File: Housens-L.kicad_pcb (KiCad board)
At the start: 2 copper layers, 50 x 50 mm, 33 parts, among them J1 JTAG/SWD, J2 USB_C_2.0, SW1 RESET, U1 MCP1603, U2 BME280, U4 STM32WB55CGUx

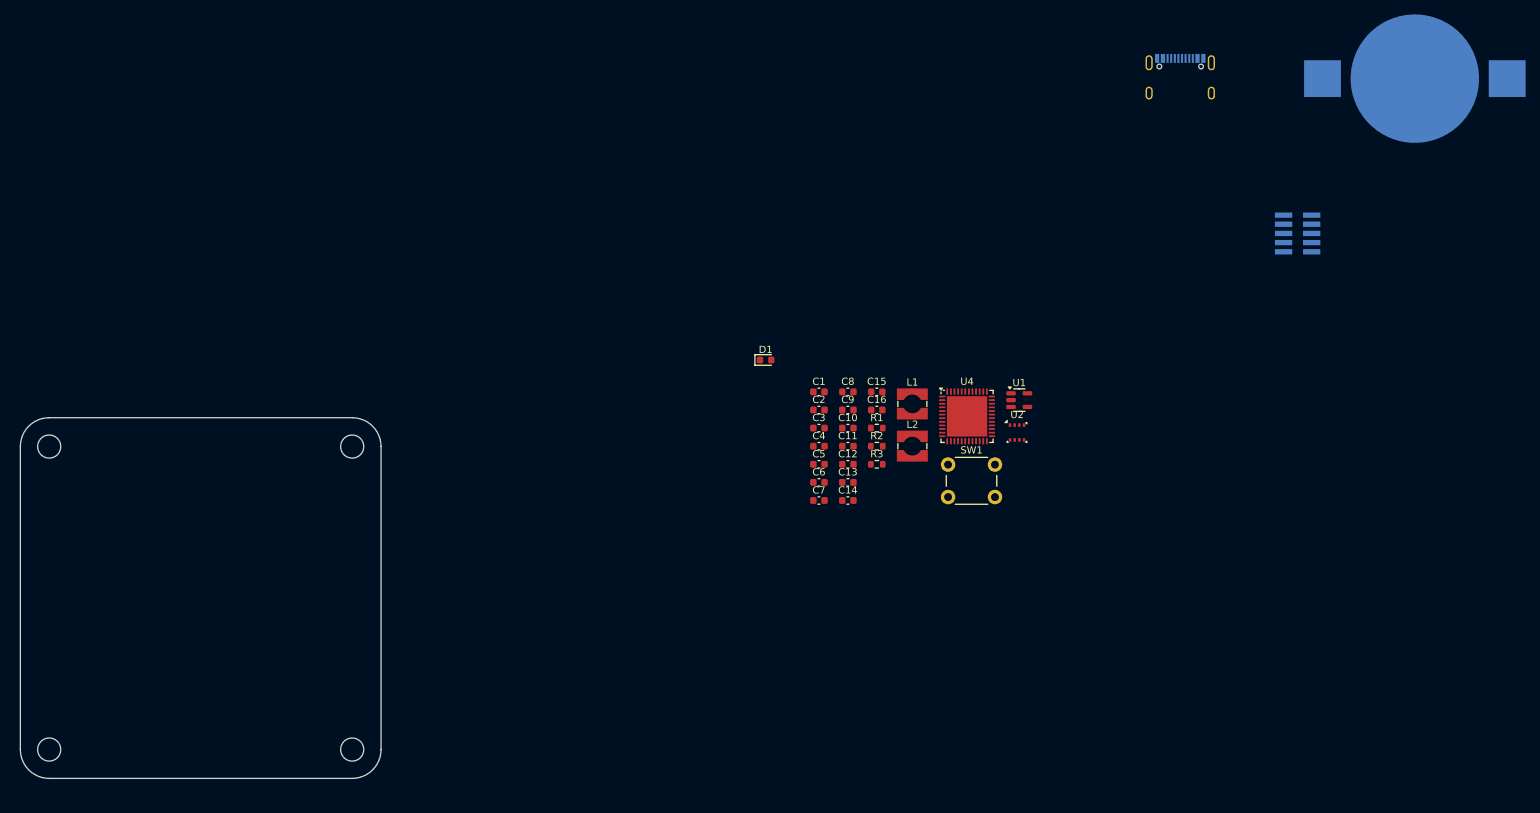
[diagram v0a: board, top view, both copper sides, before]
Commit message: Initial spatial layout
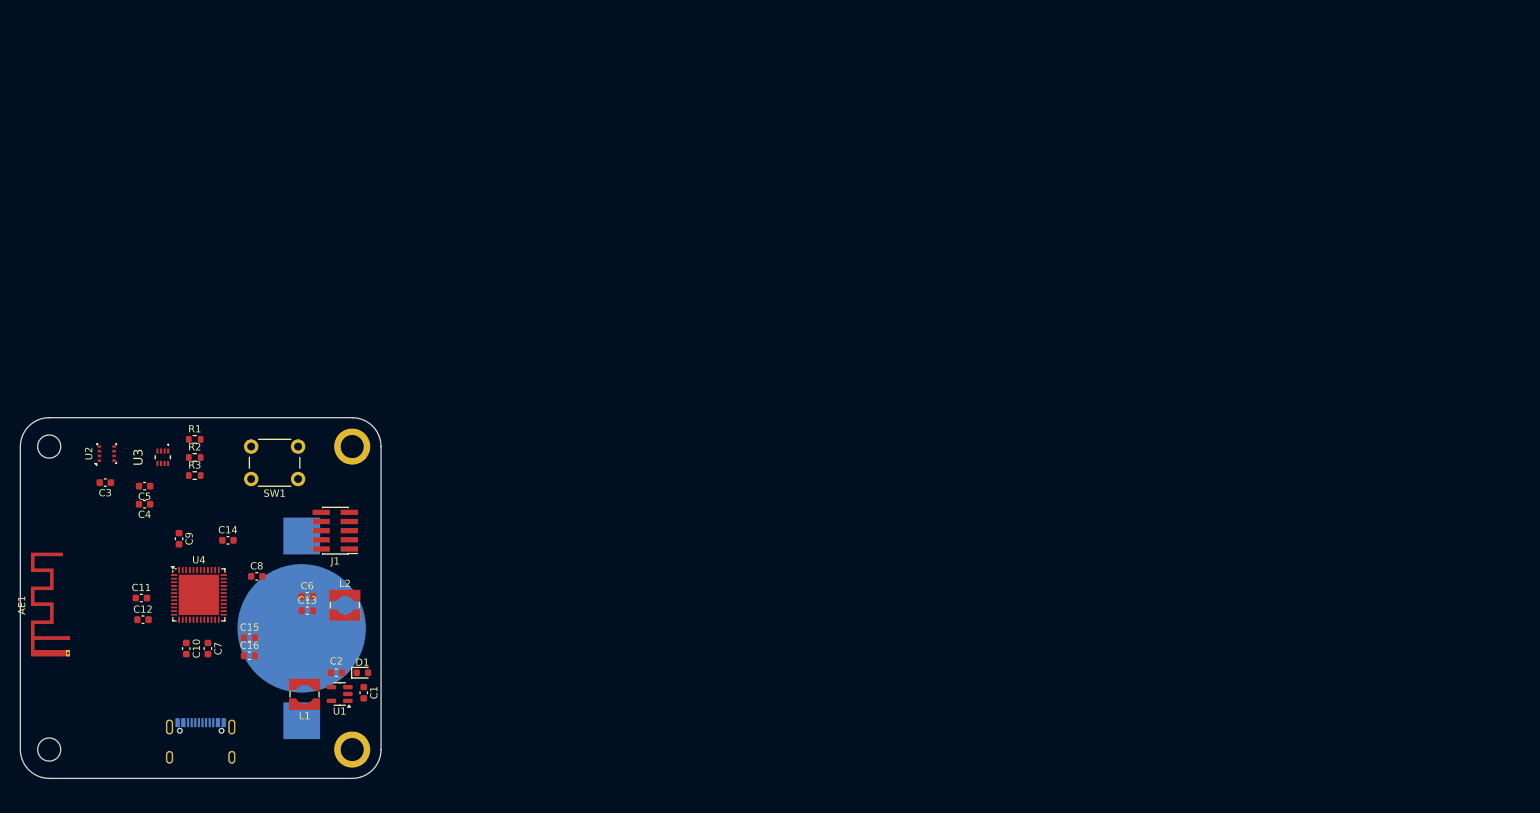
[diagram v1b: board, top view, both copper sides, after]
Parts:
- added AE1: 2.4GHz, RF_Antenna:Texas_SWRA117D_2.4GHz_Right, F.Cu at (66.6, 110.5)
- added U3: OPT3005, Imported:OPT3005DTSR, F.Cu at (79.8, 85.5)
- J1: moved to F.Cu
- moved BT1 172.1 mm to (99.0, 109.2), turned to 90 degrees
- moved J2 164.1 mm to (85.0, 126.0)
- moved J1 139.6 mm to (103.7, 95.7)
- moved U2 126.2 mm to (72.0, 85.0), turned to 90 degrees
- moved U4 109.3 mm to (84.8, 104.6)
- moved U1 102.6 mm to (104.3, 118.3), turned to 180 degrees
- moved C11 100.2 mm to (76.8, 105.0)
- moved C12 100.1 mm to (77.0, 108.0)
- moved C3 99.2 mm to (71.8, 89.0), turned to 180 degrees
- moved C10 96.7 mm to (83.0, 112.0), turned to -90 degrees
- moved R1 94.6 mm to (84.2, 83.0)
- moved R2 94.6 mm to (84.2, 85.5)
- moved R3 94.6 mm to (84.2, 88.0)
- moved C9 94.4 mm to (82.0, 96.8), turned to -90 degrees
- moved C4 93.8 mm to (77.2, 92.0), turned to 180 degrees
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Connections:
- H2 pad : (no net) -> GND
- H3 pad : (no net) -> GND
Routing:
- added copper zone on In1.Cu, net GND
- added copper zone on In2.Cu, net GND
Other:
- copper layers 2 -> 4

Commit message: Graphics
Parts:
- H2, H3: value MountingHole_M3 -> MountingHole_Pad; footprint MountingHole:MountingHole_3.2mm_M3 -> MountingHole:MountingHole_3.2mm_M3_DIN965_Pad
- moved D1 4.86 mm to (107.5, 120.2), turned to -90 degrees
- moved C1 1.63 mm to (107.5, 116.5), turned to 90 degrees
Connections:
- BT1 pad 1: Net-(BT1-+) -> /CELL
- D1 pad 2: Net-(BT1-+) -> /CELL
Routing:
- net /CELL: track 0.00 -> 5.62 mm
- added copper zone on F.Cu, net +BATT
- added copper zone on B.Cu, net /CELL
- added copper zone on B.Cu, net GND
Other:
- board text added: "${CURRENT_DATE}"
- board text added: "BLE Y Thread"
- board text added: "HPT-L"
- board text added: "Housens"
- board text added: "I"

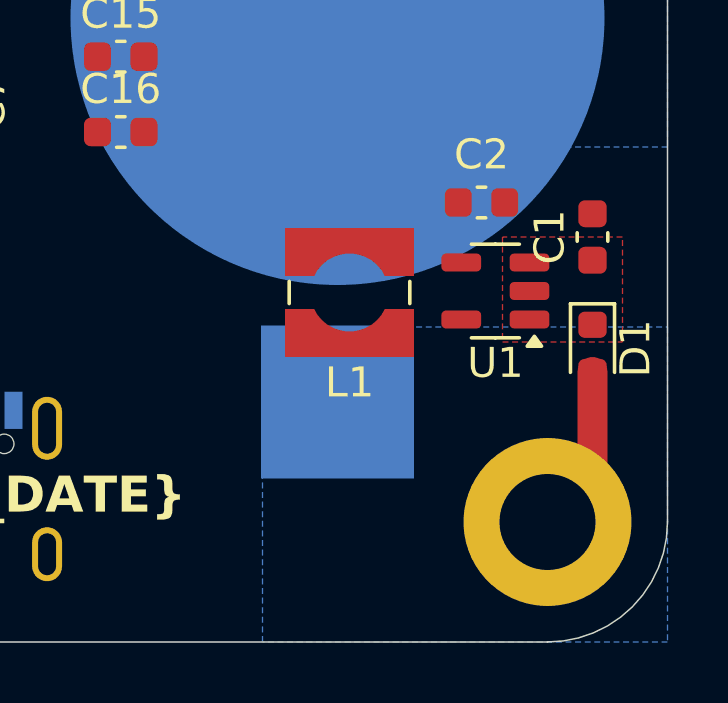
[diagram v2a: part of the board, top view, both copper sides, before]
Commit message: Layout power supply
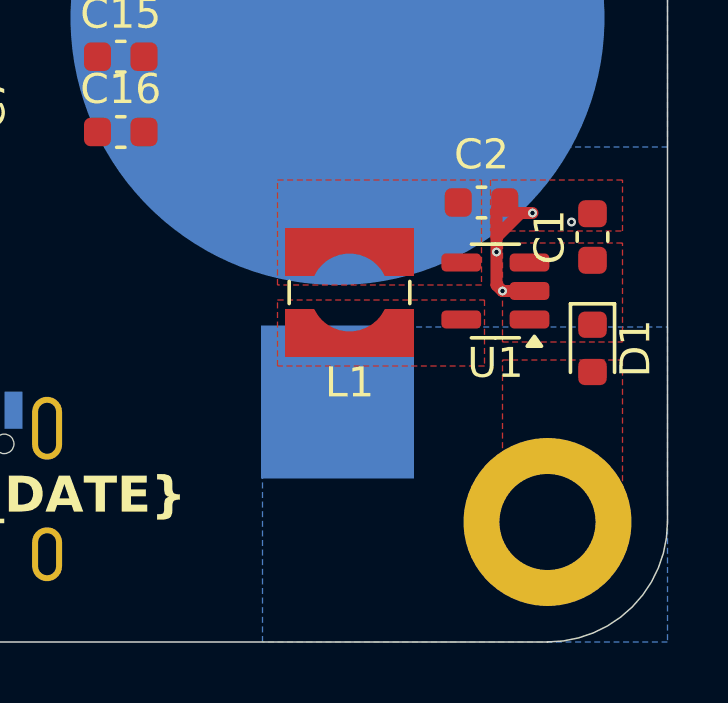
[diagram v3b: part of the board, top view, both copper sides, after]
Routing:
- net GND: track 0.00 -> 6.08 mm, vias 0 -> 4
- net /CELL: track 5.62 -> 0.00 mm
- added copper zone on F.Cu, net +1V8
- added copper zone on F.Cu, net /CELL
- added copper zone on F.Cu, net GND
- added copper zone on F.Cu, net Net-(U1-L_{X})
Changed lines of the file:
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@@
 	)
 	(segment
-		(start 107.5 124.5)
-		(end 106 126)
-		(width 1)
-		(layer "F.Cu")
+		(start 104.3 117)
+		(end 104.3 116.5)
+		(width 0.2)
+		(layer "F.Cu")
+		(net 2)
+	)
+	(segment
+		(start 105.4 118.3)
+		(end 104.5 118.3)
+		(width 0.4)
+		(layer "F.Cu")
+		(net 2)
+	)
+	(segment
+		(start 104.5 118.3)
+		(end 104.3 118.1)
+		(width 0.4)
+		(layer "F.Cu")
+		(net 2)
+	)
+	(segment
+		(start 104.3 118.1)
+		(end 104.3 115.625)
+		(width 0.4)
+		(layer "F.Cu")
+		(net 2)
+	)
+	(segment
+		(start 104.3 116.5)
+		(end 105.1 115.7)
+		(width 0.4)
+		(layer "F.Cu")
+		(net 2)
+	)
+	(segment
+		(start 105.1 115.7)
+		(end 105.5 115.7)
+		(width 0.4)
+		(layer "F.Cu")
+		(net 2)
+	)
+	(segment
+		(start 104.3 115.625)
+		(end 104.575 115.35)
+		(width 0.4)
+		(layer "F.Cu")
+		(net 2)
+	)
+	(via micro
+		(at 106.8 116)
+		(size 0.3)
+		(drill 0.15)
+		(layers "F.Cu" "B.Cu")
+		(remove_unused_layers yes)
+		(keep_end_layers no)
+		(zone_layer_connections "F.Cu" "In1.Cu" "In2.Cu")
+		(net 2)
+	)
+	(via micro
+		(at 105.5 115.7)
+		(size 0.3)
+		(drill 0.15)
+		(layers "F.Cu" "B.Cu")
+		(remove_unused_layers yes)
+		(keep_end_layers no)
+		(zone_layer_connections "F.Cu" "In1.Cu" "In2.Cu")
+		(net 2)
+	)
+	(via micro
+		(at 104.5 118.3)
+		(size 0.3)
+		(drill 0.15)
+		(layers "F.Cu" "B.Cu")
+		(remove_unused_layers yes)
+		(keep_end_layers no)
+		(zone_layer_connections "In1.Cu" "In2.Cu")
+		(net 2)
+	)
+	(via micro
+		(at 104.3 117)
+		(size 0.3)
+		(drill 0.15)
+		(layers "F.Cu" "B.Cu")
+		(remove_unused_layers yes)
+		(keep_end_layers no)
+		(zone_layer_connections "In1.Cu" "In2.Cu")
+		(net 2)
+	)
+	(zone
 		(net 35)
-	)
-	(segment
-		(start 107.5 121)
-		(end 107.5 124.5)
-		(width 1)
-		(layer "F.Cu")
-		(net 35)
+		(net_name "/CELL")
+		(layer "F.Cu")
+		(hatch edge 0.5)
+		(priority 8)
+		(connect_pads thru_hole_only
+			(clearance 0.25)
+		)
+		(min_thickness 0.5)
+		(filled_areas_thickness no)
+		(fill yes
+			(thermal_gap 0.5)
+			(thermal_bridge_width 0.5)
+			(smoothing chamfer)
+			(radius 0.5)
+		)
+		(polygon
+			(pts
+				(xy 104.5 120.6) (xy 108.5 120.6) (xy 108.5 126.1) (xy 104.5 126.1)
+			)
+		)
 	)
 	(zone
@@
 		(priority 4)
 		(connect_pads thru_hole_only
+			(clearance 0.25)
+		)
+		(min_thickness 0.5)
+		(filled_areas_thickness no)
+		(fill yes
+			(thermal_gap 0.5)
+			(thermal_bridge_width 0.5)
+			(smoothing chamfer)
+			(radius 0.5)
+		)
+		(polygon
+			(pts
+				(xy 104.5 120) (xy 108.5 120) (xy 108.5 116.7) (xy 104.5 116.7)
+			)
+		)
+	)
+	(zone
+		(net 5)
+		(net_name "Net-(U1-L_{X})")
+		(layer "F.Cu")
+		(hatch edge 0.5)
+		(priority 6)
+		(connect_pads thru_hole_only
 			(clearance 0)
 		)
@@
 		(polygon
 			(pts
-				(xy 104.5 120) (xy 108.5 120) (xy 108.5 116.5) (xy 104.5 116.5)
-			)
-		)
+				(xy 97 118.6) (xy 103.9 118.6) (xy 103.9 120.8) (xy 97 120.8)
+			)
+		)
+	)
+	(zone
+		(net 3)
+		(net_name "+1V8")
+		(layer "F.Cu")
+		(hatch edge 0.5)
+		(priority 5)
+		(connect_pads thru_hole_only
+			(clearance 0)
+		)
+		(min_thickness 0.25)
+		(filled_areas_thickness no)
+		(fill yes
+			(thermal_gap 0.5)
+			(thermal_bridge_width 0.5)
+			(smoothing chamfer)
+			(radius 0.5)
+		)
+		(polygon
+			(pts
+				(xy 103.8 114.6) (xy 103.8 118.1) (xy 97 118.1) (xy 97 114.6)
+			)
+		)
+	)
+	(zone
+		(net 2)
+		(net_name "GND")
+		(layer "F.Cu")
+		(hatch edge 0.5)
+		(priority 7)
+		(connect_pads thru_hole_only
+			(clearance 0)
+		)
+		(min_thickness 0.25)
+		(filled_areas_thickness no)
+		(fill yes
+			(thermal_gap 0.5)
+			(thermal_bridge_width 0.5)
+			(smoothing chamfer)
+			(radius 0.5)
+		)
+		(polygon
+			(pts
+				(xy 108.5 116.3) (xy 108.5 114.6) (xy 104.1 114.6) (xy 104.1 116.3)
+			)
+		)

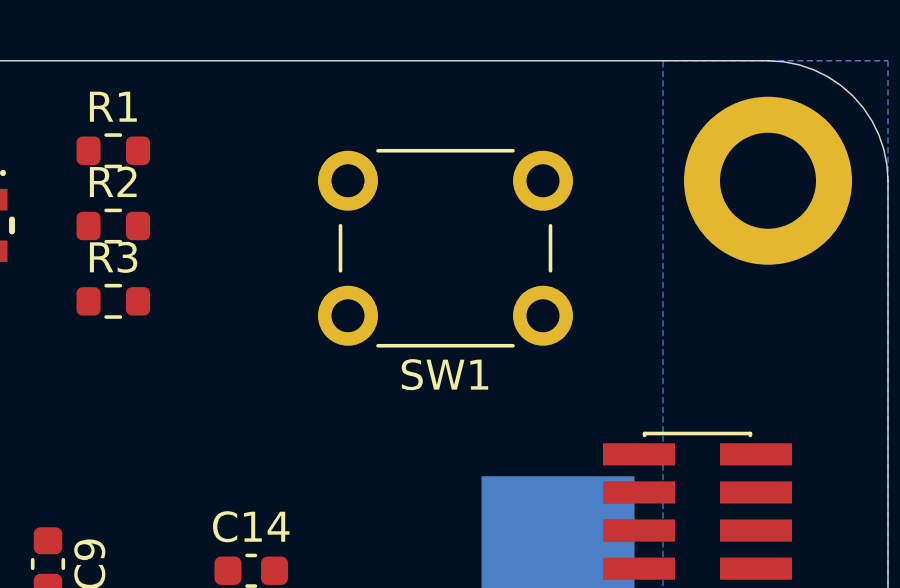
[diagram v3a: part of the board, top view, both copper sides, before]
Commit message: Add TODO about touchsense
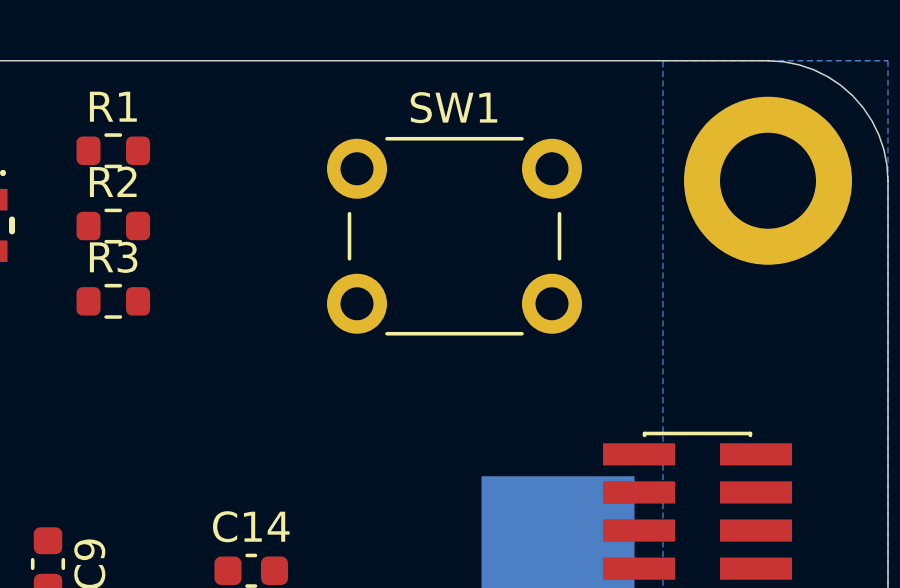
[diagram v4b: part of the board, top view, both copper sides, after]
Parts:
- moved SW1 7.90 mm to (92.3, 83.6), turned to 0 degrees
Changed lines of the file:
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@@
 	(footprint "Button_Switch_THT:SW_PUSH_6mm"
 		(layer "F.Cu")
-		(at 98.5 88.5 180)
+		(at 92.3 83.6)
 		(descr "Generic 6mm SW tactile push button")
 		(tags "tact sw push 6mm")
@@
 		)
 		(property "Footprint" "Button_Switch_THT:SW_PUSH_6mm"
-			(at 0 0 180)
+			(at 0 0 0)
 			(unlocked yes)
 			(layer "F.Fab")
@@
 		)
 		(property "Datasheet" ""
-			(at 0 0 180)
+			(at 0 0 0)
 			(unlocked yes)
 			(layer "F.Fab")
@@
 		)
 		(property "Description" "Push button switch, generic, two pins"
-			(at 0 0 180)
+			(at 0 0 0)
 			(unlocked yes)
 			(layer "F.Fab")
@@
 		(attr through_hole)
 		(fp_line
+			(start -0.25 1.5)
+			(end -0.25 3)
+			(stroke
+				(width 0.12)
+				(type solid)
+			)
+			(layer "F.SilkS")
+		)
+		(fp_line
+			(start 1 5.5)
+			(end 5.5 5.5)
+			(stroke
+				(width 0.12)
+				(type solid)
+			)
+			(layer "F.SilkS")
+		)
+		(fp_line
+			(start 5.5 -1)
+			(end 1 -1)
+			(stroke
+				(width 0.12)
+				(type solid)
+			)
+			(layer "F.SilkS")
+		)
+		(fp_line
 			(start 6.75 3)
 			(end 6.75 1.5)
@@
 		)
 		(fp_line
-			(start 5.5 -1)
-			(end 1 -1)
-			(stroke
-				(width 0.12)
-				(type solid)
-			)
-			(layer "F.SilkS")
-		)
-		(fp_line
-			(start 1 5.5)
-			(end 5.5 5.5)
-			(stroke
-				(width 0.12)
-				(type solid)
-			)
-			(layer "F.SilkS")
-		)
-		(fp_line
-			(start -0.25 1.5)
-			(end -0.25 3)
-			(stroke
-				(width 0.12)
-				(type solid)
-			)
-			(layer "F.SilkS")
+			(start -1.5 -1.5)
+			(end -1.25 -1.5)
+			(stroke
+				(width 0.05)
+				(type solid)
+			)
+			(layer "F.CrtYd")
+		)
+		(fp_line
+			(start -1.5 -1.25)
+			(end -1.5 -1.5)
+			(stroke
+				(width 0.05)
+				(type solid)
+			)
+			(layer "F.CrtYd")
+		)
+		(fp_line
+			(start -1.5 5.75)
+			(end -1.5 -1.25)
+			(stroke
+				(width 0.05)
+				(type solid)
+			)
+			(layer "F.CrtYd")
+		)
+		(fp_line
+			(start -1.5 5.75)
+			(end -1.5 6)
+			(stroke
+				(width 0.05)
+				(type solid)
+			)
+			(layer "F.CrtYd")
+		)
+		(fp_line
+			(start -1.5 6)
+			(end -1.25 6)
+			(stroke
+				(width 0.05)
+				(type solid)
+			)
+			(layer "F.CrtYd")
+		)
+		(fp_line
+			(start -1.25 -1.5)
+			(end 7.75 -1.5)
+			(stroke
+				(width 0.05)
+				(type solid)
+			)
+			(layer "F.CrtYd")
+		)
+		(fp_line
+			(start 7.75 -1.5)
+			(end 8 -1.5)
+			(stroke
+				(width 0.05)
+				(type solid)
+			)
+			(layer "F.CrtYd")
+		)
+		(fp_line
+			(start 7.75 6)
+			(end -1.25 6)
+			(stroke
+				(width 0.05)
+				(type solid)
+			)
+			(layer "F.CrtYd")
+		)
+		(fp_line
+			(start 7.75 6)
+			(end 8 6)
+			(stroke
+				(width 0.05)
+				(type solid)
+			)
+			(layer "F.CrtYd")
+		)
+		(fp_line
+			(start 8 -1.5)
+			(end 8 -1.25)
+			(stroke
+				(width 0.05)
+				(type solid)
+			)
+			(layer "F.CrtYd")
+		)
+		(fp_line
+			(start 8 -1.25)
+			(end 8 5.75)
+			(stroke
+				(width 0.05)
+				(type solid)
+			)
+			(layer "F.CrtYd")
 		)
 		(fp_line
@@
 		)
 		(fp_line
-			(start 8 -1.25)
-			(end 8 5.75)
-			(stroke
-				(width 0.05)
-				(type solid)
-			)
-			(layer "F.CrtYd")
-		)
-		(fp_line
-			(start 8 -1.5)
-			(end 8 -1.25)
-			(stroke
-				(width 0.05)
-				(type solid)
-			)
-			(layer "F.CrtYd")
-		)
-		(fp_line
-			(start 7.75 6)
-			(end 8 6)
-			(stroke
-				(width 0.05)
-				(type solid)
-			)
-			(layer "F.CrtYd")
-		)
-		(fp_line
-			(start 7.75 6)
-			(end -1.25 6)
-			(stroke
-				(width 0.05)
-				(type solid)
########################################
- **Exercise**
Give the number of lines in the listing that contain the string "board". Write nothing else.

- **Solution to this task**
12